= British Romanian Educational Exchange =

BREDEX is the British Romanian Educational Exchange. It is a volunteer organisation which sends university students from the UK to a number of cities in Romania to teach conversational English.

The programme was set up in 1990 by John West, a Reuters journalist, immediately after the Romanian revolution. In the summer of that year, seven British students travelled to three universities (Bucharest, Brașov and Iași) offering English courses to local students. Those seven students returned to Romania in December 1990 to set up English courses for the following summer.

The programme runs during the summer vacation and students go for between 5 and 7 weeks depending on the city that they are in. Initially, the students came from Oxford University, Cambridge University and Manchester University. Now the students are being recruited from a wider pool of universities including Queen Mary, University of London, University of Southampton, Durham University, King's College London, the University of Cambridge and the University of Oxford. They are sent to various cities in groups ranging from 2-6. The cities include Bucharest, Craiova, Galaţi, Iaşi, Sibiu and Timișoara. BREDEX has also, on occasion, provided courses in the smaller settlement of Bozovici, situated in the south west of Romania.

In each city conversational English classes are taught for around three hours a day to both children and young adults. The classes are as varied and flexible as the teachers wish to make them. Complete creative control is entrusted to the teachers who are all selected through a rigorous interview process. Typically, those being taught will be split into groups depending on a combination of their age and ability. Class sizes can range depending on local interest in the scheme and how many teachers there are. A lot of the teachers' time is usually spent absorbing the local culture with fellow teachers and local students. The atmosphere is quite informal and often more English is taught outside of the classroom than inside.
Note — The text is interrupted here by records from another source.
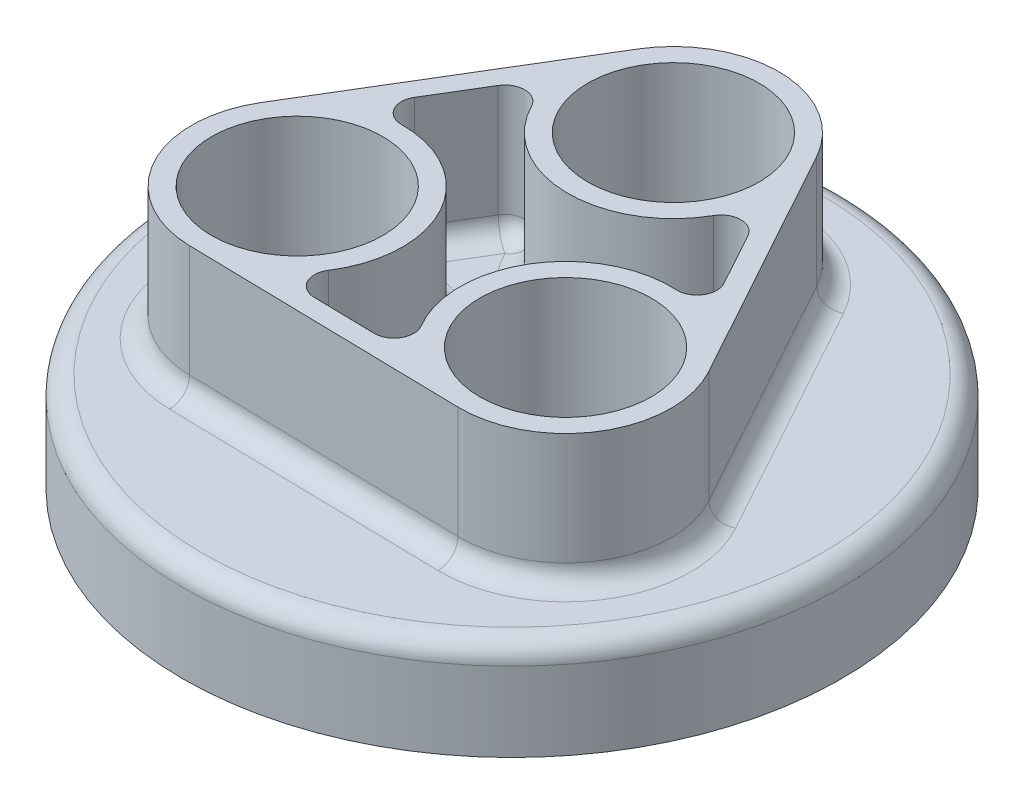
from build123d import *

# Parameters (mm, degrees)
SKETCH1_R           = 50
BOSS_EXTRUDE1_DEPTH = 15
SHELL1_T            = -3
SKETCH2_R           = 16
SKETCH2_R_2         = 13
BOSS_EXTRUDE2_DEPTH = 15
SKETCH3_R           = 13
CUT_EXTRUDE1_DEPTH  = 72.721684308
BOSS_EXTRUDE4_START = 20
SKETCH4_R           = 13
BOSS_EXTRUDE4_DEPTH = 20
FILLET1_R           = 3
FILLET2_R           = 3


with BuildPart() as part:
    # Sketch1 → Boss-Extrude1 (new body)
    with BuildSketch(Plane(origin=(0, 0, 0), x_dir=(1, 0, 0), z_dir=(0, 1, 0))):
        with Locations(Location((0, 0, 0), (0, 0, 270))):
            Circle(SKETCH1_R)
    extrude(amount=BOSS_EXTRUDE1_DEPTH)

    # Shell1
    shell1_openings = [part.faces().sort_by_distance(p)[0] for p in [
        (0, 0, 0),
    ]]
    offset(amount=SHELL1_T, openings=shell1_openings, kind=Kind.INTERSECTION)

    # Sketch2 → Boss-Extrude2 (add)
    # profile 1 of 3: a face of its own
    with BuildSketch(Plane(origin=(0, 15, 0), x_dir=(1, 0, 0), z_dir=(0, 1, 0))):
        with Locations(Location((-21.024365496, -11.574802612, 0), (0, 0, 270))):
            Circle(SKETCH2_R)
        with Locations(Location((-21.024365496, -11.574802612, 0), (0, 0, 270))):
            Circle(SKETCH2_R_2, mode=Mode.SUBTRACT)
    # profile 2 of 3: a face of its own
    with BuildSketch(Plane(origin=(0, 15, 0), x_dir=(1, 0, 0), z_dir=(0, 1, 0))):
        with Locations(Location((0.488109642, 23.995035924, 0), (0, 0, 270))):
            Circle(SKETCH2_R)
        with Locations(Location((0.488109642, 23.995035924, 0), (0, 0, 270))):
            Circle(SKETCH2_R_2, mode=Mode.SUBTRACT)
    # profile 3 of 3: a face of its own
    with BuildSketch(Plane(origin=(0, 15, 0), x_dir=(1, 0, 0), z_dir=(0, 1, 0))):
        with Locations(Location((20.536255854, -12.420233312, 0), (0, 0, 270))):
            Circle(SKETCH2_R)
        with Locations(Location((20.536255854, -12.420233312, 0), (0, 0, 270))):
            Circle(SKETCH2_R_2, mode=Mode.SUBTRACT)
    extrude(amount=-BOSS_EXTRUDE2_DEPTH)

    # Sketch3 → Cut-Extrude1 (cut, through all)
    with BuildSketch(Plane.XZ.offset(-12)):
        with Locations(Location((-21.024365496, 11.574802612, 0), (0, 0, 90))):
            Circle(SKETCH3_R)
        with Locations(Location((20.536255854, 12.420233312, 0), (0, 0, 90))):
            Circle(SKETCH3_R)
        with Locations(Location((0.488109642, -23.995035924, 0), (0, 0, 90))):
            Circle(SKETCH3_R)
    extrude(amount=-CUT_EXTRUDE1_DEPTH, mode=Mode.SUBTRACT)

    # Sketch4 → Boss-Extrude4 (add)
    with BuildSketch(Plane(origin=(0, 15, 0), x_dir=(1, 0, 0), z_dir=(0, 1, 0)).offset(BOSS_EXTRUDE4_START)):
        with BuildLine():
            Line((-34.715202731, -3.294647071), (-13.202727594, 32.275191465))
            ThreePointArc((-13.202727594, 32.275191465), (0.81351607, 39.991726539), (14.504353306, 31.711570998))
            Line((14.504353306, 31.711570998), (34.552499517, -4.703698237))
            ThreePointArc((34.552499517, -4.703698237), (34.227093089, -20.700388853), (20.210849425, -28.416923927))
            Line((20.210849425, -28.416923927), (-21.349771924, -27.571493228))
            ThreePointArc((-21.349771924, -27.571493228), (-35.040609159, -19.291337687), (-34.715202731, -3.294647071))
        make_face()
        with Locations(Location((20.536255854, -12.420233312, 0), (0, 0, 270))):
            Circle(SKETCH4_R, mode=Mode.SUBTRACT)
        with Locations(Location((0.488109642, 23.995035924, 0), (0, 0, 270))):
            Circle(SKETCH4_R, mode=Mode.SUBTRACT)
        with Locations(Location((-21.024365496, -11.574802612, 0), (0, 0, 270))):
            Circle(SKETCH4_R, mode=Mode.SUBTRACT)
        with BuildLine():
            Line((-27.321161415, 3.134050543), (-15.462704946, 22.741435523))
            ThreePointArc((-15.462704946, 22.741435523), (0.162703214, 7.998345308), (16.374748095, 22.093794575))
            Line((16.374748095, 22.093794575), (27.426013354, 2.020377533))
            ThreePointArc((27.426013354, 2.020377533), (6.845418618, -4.140077771), (10.94641332, -25.227845118))
            Line((10.94641332, -25.227845118), (-11.963308408, -24.761813056))
            ThreePointArc((-11.963308408, -24.761813056), (-7.008121832, -3.858267537), (-27.321161415, 3.134050543))
        make_face(mode=Mode.SUBTRACT)
    extrude(amount=-BOSS_EXTRUDE4_DEPTH)

    # Fillet1
    fillet1_edges = [part.edges().sort_by_distance(p)[0] for p in [
        (-7.008121832, 15, 3.858267537),
        (-0.508447544, 15, 24.994829087),
        (6.845418618, 15, 4.140077771),
        (21.900380725, 15, -12.057086054),
        (0.162703214, 15, -7.998345308),
        (-21.391933181, 15, -12.937743033),
        (-11.963308408, 25, 24.761813056),
        (10.94641332, 25, 25.227845118),
        (27.426013354, 25, -2.020377533),
        (16.374748095, 25, -22.093794575),
        (-15.462704946, 25, -22.741435523),
        (-27.321161415, 25, -3.134050543),
    ]]
    fillet(fillet1_edges, radius=FILLET1_R)

    # Fillet2
    fillet2_edges = [part.edges().sort_by_distance(p)[0] for p in [
        (-21.024365496, 12, -4.425197388),
        (0.488109642, 12, -39.995035924),
        (20.536255854, 12, -3.579766688),
        (0, 15, -50),
        (-35.040609159, 15, 19.291337687),
        (-0.569461249, 15, 27.994208578),
        (34.227093089, 15, 20.700388853),
        (24.528426412, 15, -13.503936381),
        (0.81351607, 15, -39.991726539),
        (-23.958965162, 15, -14.490272197),
        (0, 12, -47),
    ]]
    fillet(fillet2_edges, radius=FILLET2_R)


solid = part.part
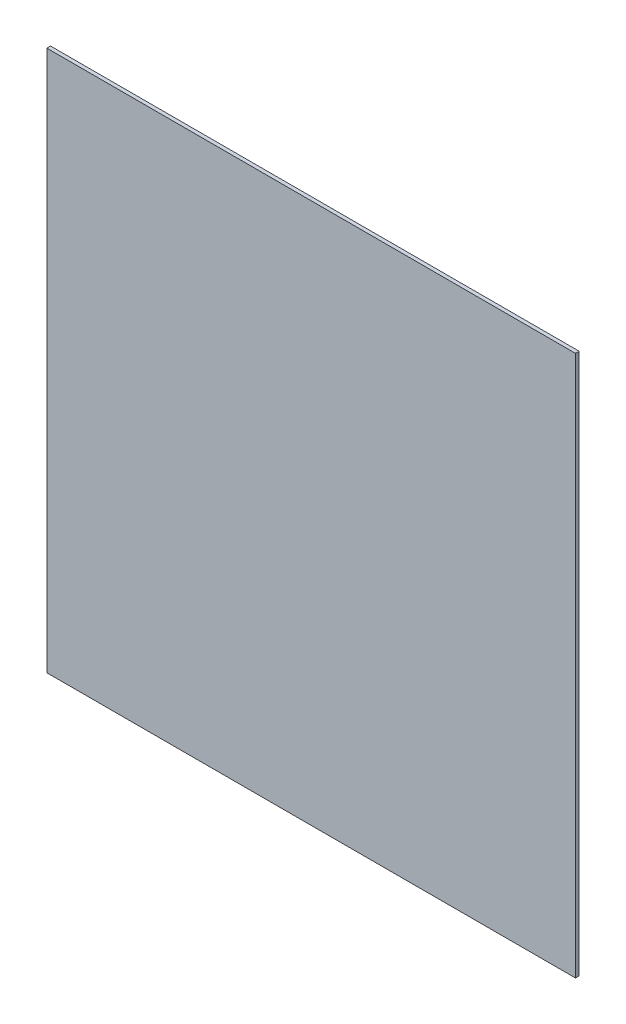
from build123d import *

# Parameters (mm, degrees)
SKETCH1_W           = 430
SKETCH1_H           = 440
BOSS_EXTRUDE1_DEPTH = 3


with BuildPart() as part:
    # Sketch1 → Boss-Extrude1 (new body)
    with BuildSketch(Plane.XY):
        Rectangle(SKETCH1_W, SKETCH1_H)
    extrude(amount=BOSS_EXTRUDE1_DEPTH)


solid = part.part
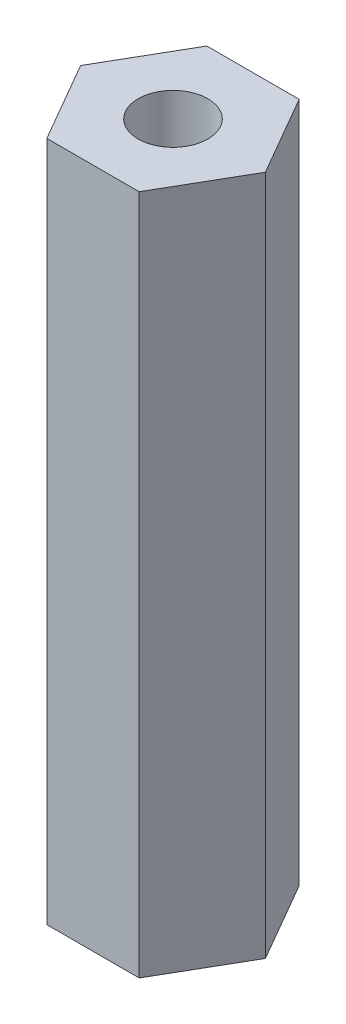
from build123d import *

# Parameters (mm, degrees)
BOSS_EXTRUDE1_DEPTH                = 20
TAP_DRILL_FOR_M2_5X0_45_TAP1_D     = 2.05
TAP_DRILL_FOR_M2_5X0_45_TAP1_DEPTH = 21


with BuildPart() as part:
    # Sketch1 → Boss-Extrude1 (new body)
    with BuildSketch(Plane(origin=(0, 20, 0), x_dir=(1, 0, 0), z_dir=(0, 1, 0))):
        Polygon((1.356773133, -2.35), (2.713546265, 0), (1.356773133, 2.35), (-1.356773133, 2.35), (-2.713546265, 0), (-1.356773133, -2.35), align=None)
    extrude(amount=-BOSS_EXTRUDE1_DEPTH)

    # Tap Drill for M2.5x0.45 Tap1
    with Locations(Plane(origin=(0, 20, 0), x_dir=(1, 0, 0), z_dir=(0, 1, 0))):
        with Locations((0, 0)):
            Hole(TAP_DRILL_FOR_M2_5X0_45_TAP1_D / 2, depth=TAP_DRILL_FOR_M2_5X0_45_TAP1_DEPTH)


solid = part.part
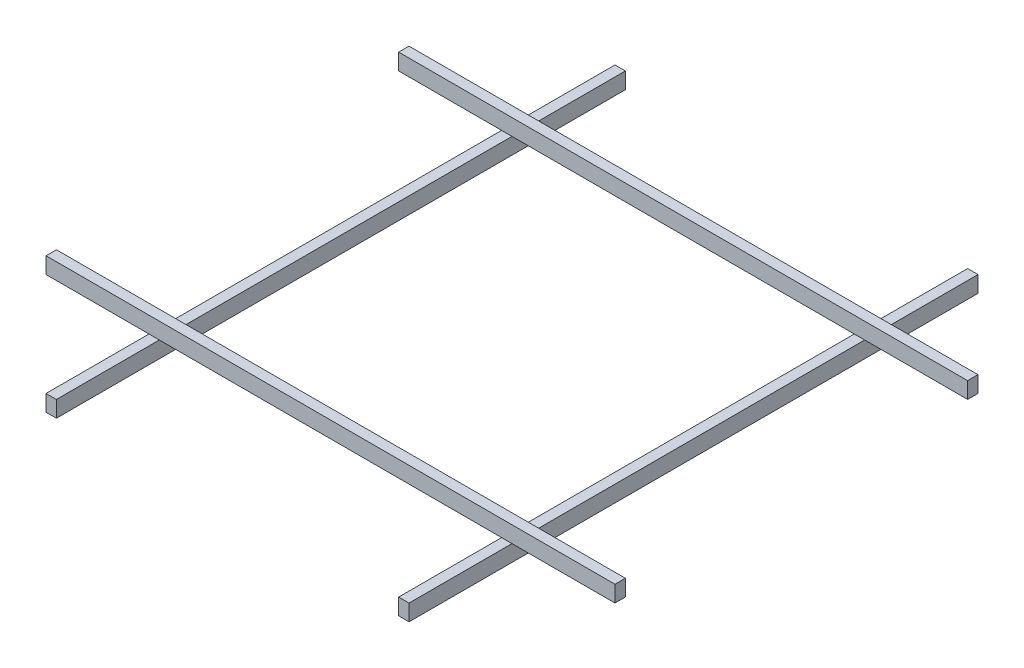
from build123d import *

# Parameters (mm, degrees)
SKETCH1_W              = 88.9
SKETCH1_H              = 139.7
PROFILES_4X6_1_DEPTH   = 4876.8
SKETCH1_ON_SEGMENT_2_W = 88.9
SKETCH1_ON_SEGMENT_2_H = 139.7
PROFILES_4X6_1_2_DEPTH = 4876.8
SKETCH1_ON_SEGMENT_3_W = 88.9
SKETCH1_ON_SEGMENT_3_H = 139.7
PROFILES_4X6_1_3_DEPTH = 4876.8
SKETCH1_ON_SEGMENT_4_W = 88.9
SKETCH1_ON_SEGMENT_4_H = 139.7
PROFILES_4X6_1_4_DEPTH = 4876.8


with BuildPart() as part:
    # Sketch1 → Profiles 4X6(1) (new body)
    with BuildSketch(Plane(origin=(622.3, 0, 0), x_dir=(-1, 0, 0), z_dir=(0, 0, -1))):
        Rectangle(SKETCH1_W, SKETCH1_H)
    extrude(amount=PROFILES_4X6_1_DEPTH)


with BuildPart() as body_2:
    # Sketch1 on segment 2 (carried to segment 2) → Profiles 4X6_1 2 (new body)
    with BuildSketch(Plane(origin=(3644.9, 0, 0), x_dir=(-1, 0, 0), z_dir=(0, 0, -1))):
        Rectangle(SKETCH1_ON_SEGMENT_2_W, SKETCH1_ON_SEGMENT_2_H)
    extrude(amount=PROFILES_4X6_1_2_DEPTH)


with BuildPart() as body_3:
    # Sketch1 on segment 3 (carried to segment 3) → Profiles 4X6_1 3 (new body)
    with BuildSketch(Plane(origin=(-304.8, 139.7, -3949.7), x_dir=(0, 0, -1), z_dir=(1, 0, 0))):
        Rectangle(SKETCH1_ON_SEGMENT_3_W, SKETCH1_ON_SEGMENT_3_H)
    extrude(amount=PROFILES_4X6_1_3_DEPTH)


with BuildPart() as body_4:
    # Sketch1 on segment 4 (carried to segment 4) → Profiles 4X6_1 4 (new body)
    with BuildSketch(Plane(origin=(4572, 139.7, -927.1), x_dir=(0, 0, 1), z_dir=(-1, 0, 0))):
        Rectangle(SKETCH1_ON_SEGMENT_4_W, SKETCH1_ON_SEGMENT_4_H)
    extrude(amount=PROFILES_4X6_1_4_DEPTH)


solid = Compound([part.part, body_2.part, body_3.part, body_4.part])
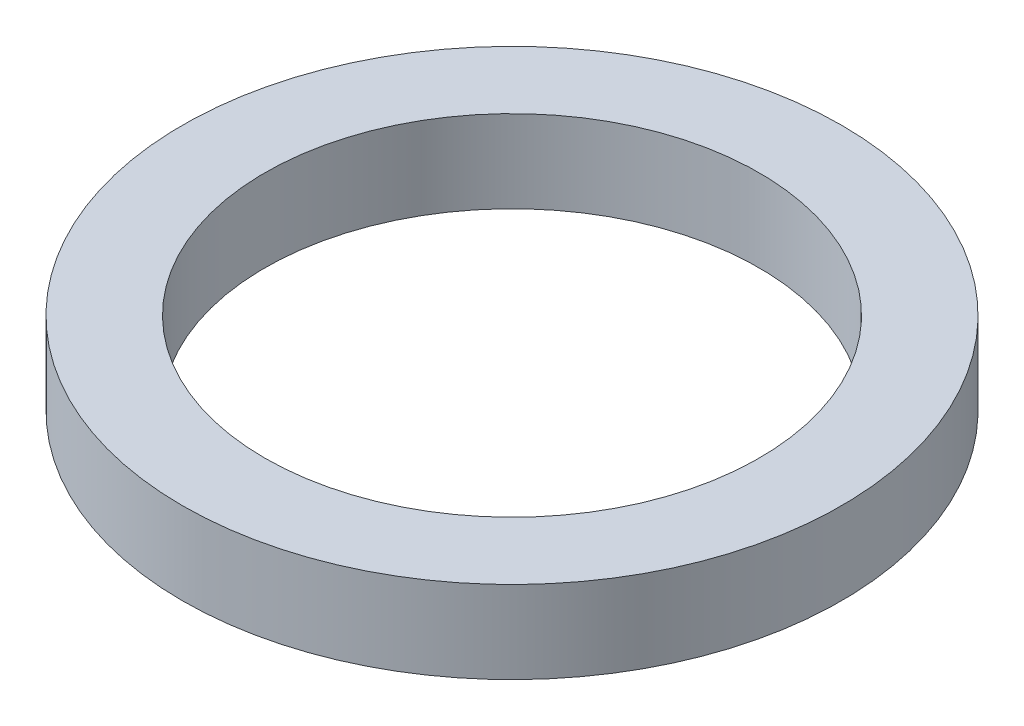
from build123d import *

# Parameters (mm, degrees)
SKETCH1_R           = 16
SKETCH1_R_2         = 12
BOSS_EXTRUDE1_DEPTH = 4


with BuildPart() as part:
    # Sketch1 → Boss-Extrude1 (new body)
    with BuildSketch(Plane(origin=(0, 0, 0), x_dir=(1, 0, 0), z_dir=(0, 1, 0))):
        with Locations(Location((0, 0, 0), (0, 0, 270))):
            Circle(SKETCH1_R)
        with Locations(Location((0, 0, 0), (0, 0, 270))):
            Circle(SKETCH1_R_2, mode=Mode.SUBTRACT)
    extrude(amount=BOSS_EXTRUDE1_DEPTH)


solid = part.part
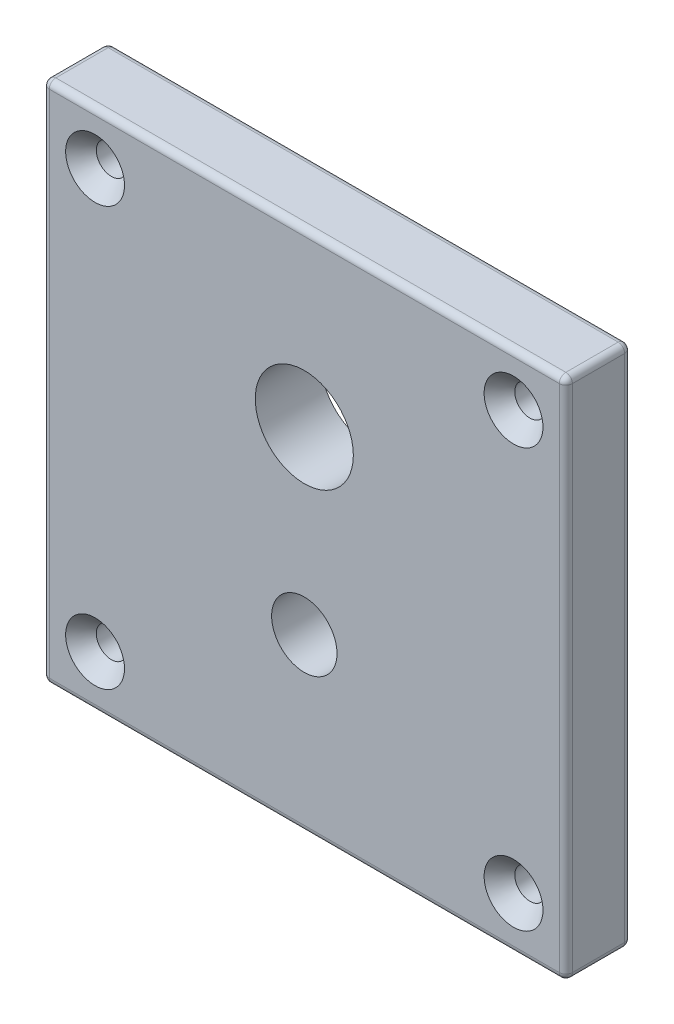
from build123d import *

# Parameters (mm, degrees)
SKETCH1_W                                      = 50.8
SKETCH1_H                                      = 50.8
BOSS_EXTRUDE1_DEPTH                            = 6.35
CUT_EXTRUDE1_REACH                             = 38.478
SKETCH2_R                                      = 4.7625
SKETCH2_R_2                                    = 3.175
CUT_EXTRUDE2_REACH                             = 38.478
SKETCH5_R                                      = 1.4732
CSK_FOR_4_FLAT_HEAD_MACHINE_SCREW1_D           = 2.9464
CSK_FOR_4_FLAT_HEAD_MACHINE_SCREW1_CSINK_D     = 5.715
CSK_FOR_4_FLAT_HEAD_MACHINE_SCREW1_CSINK_ANGLE = 82
FILLET1_R                                      = 0.635


with BuildPart() as part:
    # Sketch1 → Boss-Extrude1 (new body)
    with BuildSketch(Plane(origin=(0, 0, 0), x_dir=(0, 1, 0), z_dir=(0, 0, 1))):
        Rectangle(SKETCH1_W, SKETCH1_H)
    extrude(amount=BOSS_EXTRUDE1_DEPTH)

    # Sketch2 → Cut-Extrude1 (cut, up to next)
    with BuildSketch(Plane.XY.offset(6.35), mode=Mode.PRIVATE) as cut_extrude1_sk1:
        with Locations((0, 8.73125)):
            Circle(SKETCH2_R)
    cut_extrude1_tool1 = extrude(cut_extrude1_sk1.sketch, amount=-CUT_EXTRUDE1_REACH, mode=Mode.PRIVATE) & part.part
    # Sketch2 → Cut-Extrude1 (cut, up to next)
    with BuildSketch(Plane.XY.offset(6.35), mode=Mode.PRIVATE) as cut_extrude1_sk2:
        with Locations((0, -8.73125)):
            Circle(SKETCH2_R_2)
    cut_extrude1_tool2 = extrude(cut_extrude1_sk2.sketch, amount=-CUT_EXTRUDE1_REACH, mode=Mode.PRIVATE) & part.part
    add(cut_extrude1_tool1.solids().sort_by_distance((0, 8.73125, 6.35))[0], mode=Mode.SUBTRACT)
    add(cut_extrude1_tool2.solids().sort_by_distance((0, -8.73125, 6.35))[0], mode=Mode.SUBTRACT)

    # Sketch5 → Cut-Extrude2 (cut, up to next)
    with BuildSketch(Plane.XY.offset(6.35), mode=Mode.PRIVATE) as cut_extrude2_sk1:
        with Locations((-20.32, 20.32)):
            Circle(SKETCH5_R)
    cut_extrude2_tool1 = extrude(cut_extrude2_sk1.sketch, amount=-CUT_EXTRUDE2_REACH, mode=Mode.PRIVATE) & part.part
    # Sketch5 → Cut-Extrude2 (cut, up to next)
    with BuildSketch(Plane.XY.offset(6.35), mode=Mode.PRIVATE) as cut_extrude2_sk2:
        with Locations((20.32, 20.32)):
            Circle(SKETCH5_R)
    cut_extrude2_tool2 = extrude(cut_extrude2_sk2.sketch, amount=-CUT_EXTRUDE2_REACH, mode=Mode.PRIVATE) & part.part
    # Sketch5 → Cut-Extrude2 (cut, up to next)
    with BuildSketch(Plane.XY.offset(6.35), mode=Mode.PRIVATE) as cut_extrude2_sk3:
        with Locations((-20.32, -20.32)):
            Circle(SKETCH5_R)
    cut_extrude2_tool3 = extrude(cut_extrude2_sk3.sketch, amount=-CUT_EXTRUDE2_REACH, mode=Mode.PRIVATE) & part.part
    # Sketch5 → Cut-Extrude2 (cut, up to next)
    with BuildSketch(Plane.XY.offset(6.35), mode=Mode.PRIVATE) as cut_extrude2_sk4:
        with Locations((20.32, -20.32)):
            Circle(SKETCH5_R)
    cut_extrude2_tool4 = extrude(cut_extrude2_sk4.sketch, amount=-CUT_EXTRUDE2_REACH, mode=Mode.PRIVATE) & part.part
    add(cut_extrude2_tool1.solids().sort_by_distance((-20.32, 20.32, 6.35))[0], mode=Mode.SUBTRACT)
    add(cut_extrude2_tool2.solids().sort_by_distance((20.32, 20.32, 6.35))[0], mode=Mode.SUBTRACT)
    add(cut_extrude2_tool3.solids().sort_by_distance((-20.32, -20.32, 6.35))[0], mode=Mode.SUBTRACT)
    add(cut_extrude2_tool4.solids().sort_by_distance((20.32, -20.32, 6.35))[0], mode=Mode.SUBTRACT)

    # CSK for #4 Flat Head Machine Screw1 (through all)
    with Locations(Plane.XY.offset(6.35)):
        with Locations((-20.32, 20.32), (20.32, 20.32), (20.32, -20.32), (-20.32, -20.32)):
            CounterSinkHole(CSK_FOR_4_FLAT_HEAD_MACHINE_SCREW1_D / 2, CSK_FOR_4_FLAT_HEAD_MACHINE_SCREW1_CSINK_D / 2, counter_sink_angle=CSK_FOR_4_FLAT_HEAD_MACHINE_SCREW1_CSINK_ANGLE)

    # Fillet1
    fillet1_edges = [part.edges().sort_by_distance(p)[0] for p in [
        (0, -25.4, 6.35),
        (25.4, 0, 6.35),
        (0, 25.4, 6.35),
        (25.4, 0, 0),
        (0, -25.4, 0),
        (-25.4, 0, 0),
        (0, 25.4, 0),
        (25.4, 25.4, 3.175),
        (25.4, -25.4, 3.175),
        (-25.4, -25.4, 3.175),
        (-25.4, 25.4, 3.175),
        (-25.4, 0, 6.35),
    ]]
    fillet(fillet1_edges, radius=FILLET1_R)


solid = part.part

As well, TEFL careers have also started from BREDEX so teachers can be as serious as they like.

In the middle of the programme the teachers are given one week's leave for independent travel.

According to testament handed down to the current organisers from previous participants, BREDEX has been running since 1991.

In her book "To Romania with Love" (https://www.amazon.co.uk/Romania-With-Love-Tessa-Dunlop/dp/0704372576) Tessa Dunlop's second visit to Romania is with BREDEX.

==Galaţi==

In Galaţi the teaching occurs at the city's university. A tutor at the university liaises with the students organising rooms and advertising the classes locally before the students arrive. The teachers are housed in student accommodation a short walk from the main University building.

In Galaţi there is also a close link with the International student organisation AIESEC whose offices are next door to the accommodation provided to the teachers. AIESEC provides the teachers with access to other university students both Romanian and international. There is also a burgeoning relationship with the United States Peace Corps who are setting up an English language library.

==Craiova==

Similarly to Galati, a tutor at the university organises rooms in the main building of the University of Craiova and accommodation in one of the student hostels, as well as advertising in local highschools and various university buildings.

In 2010, classes took place from 12 July to 27 August, Monday to Friday, from 10:00 to 13:00 with a week off in the middle.